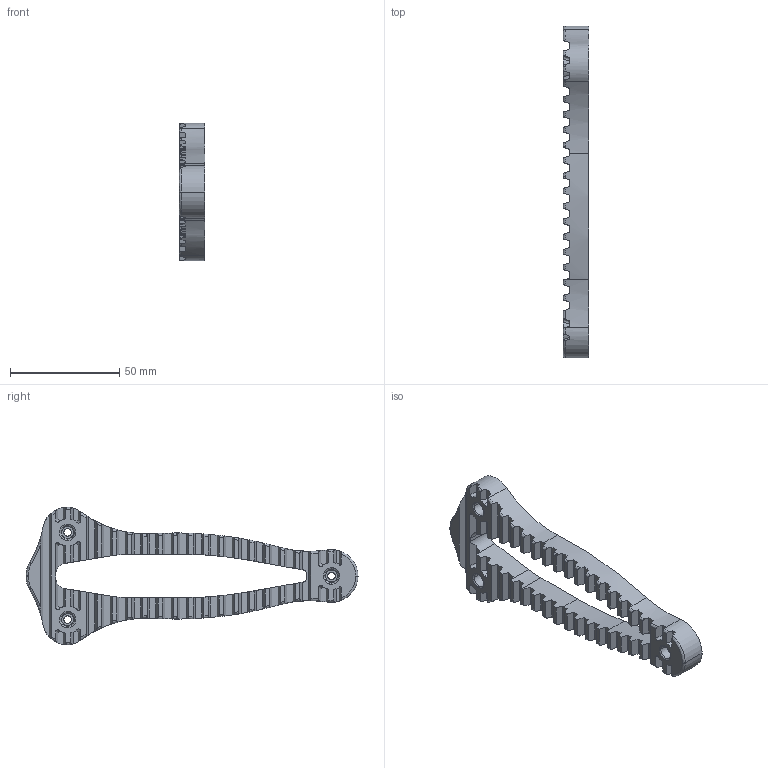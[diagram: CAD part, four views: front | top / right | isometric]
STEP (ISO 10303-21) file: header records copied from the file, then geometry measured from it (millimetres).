
FILE_DESCRIPTION (( 'STEP AP203' ), '1' );
FILE_NAME ('BUTT PLATE.STEP', '2020-09-28T01:12:46', ( '' ), ( '' ), 'SwSTEP 2.0', 'SolidWorks 2019', '' );
FILE_SCHEMA (( 'CONFIG_CONTROL_DESIGN' ));
Length unit declared in the file: millimetre
Products named in the file (1): BUTT PLATE
Bounding box: 11.9 x 152.22 x 63 mm (x, y, z)
Volume: 38566.6 mm3; surface area: 16171.9 mm2
Topology: 1 solids, 1 shells, 294 faces, 864 edges, 574 vertices
Faces by surface type: plane 170, bspline 76, cylinder 48
Entity records: 12357 total; most frequent: CARTESIAN_POINT 5306, ORIENTED_EDGE 1728, DIRECTION 1218, EDGE_CURVE 864, VERTEX_POINT 574, AXIS2_PLACEMENT_3D 450, VECTOR 318, LINE 318

**TASK ITEM:** Transcribe the records above exactly, leaving every picture out of the copy.

**WRITTEN RESPONSE:**
[diagram: CAD part, four views: front | top / right | isometric]
STEP (ISO 10303-21) file: header records copied from the file, then geometry measured from it (millimetres).
FILE_DESCRIPTION (( 'STEP AP203' ), '1' );
FILE_NAME ('BUTT PLATE.STEP', '2020-09-28T01:12:46', ( '' ), ( '' ), 'SwSTEP 2.0', 'SolidWorks 2019', '' );
FILE_SCHEMA (( 'CONFIG_CONTROL_DESIGN' ));
Length unit declared in the file: millimetre
Products named in the file (1): BUTT PLATE
Bounding box: 11.9 x 152.22 x 63 mm (x, y, z)
Volume: 38566.6 mm3; surface area: 16171.9 mm2
Topology: 1 solids, 1 shells, 294 faces, 864 edges, 574 vertices
Faces by surface type: plane 170, bspline 76, cylinder 48
Entity records: 12357 total; most frequent: CARTESIAN_POINT 5306, ORIENTED_EDGE 1728, DIRECTION 1218, EDGE_CURVE 864, VERTEX_POINT 574, AXIS2_PLACEMENT_3D 450, VECTOR 318, LINE 318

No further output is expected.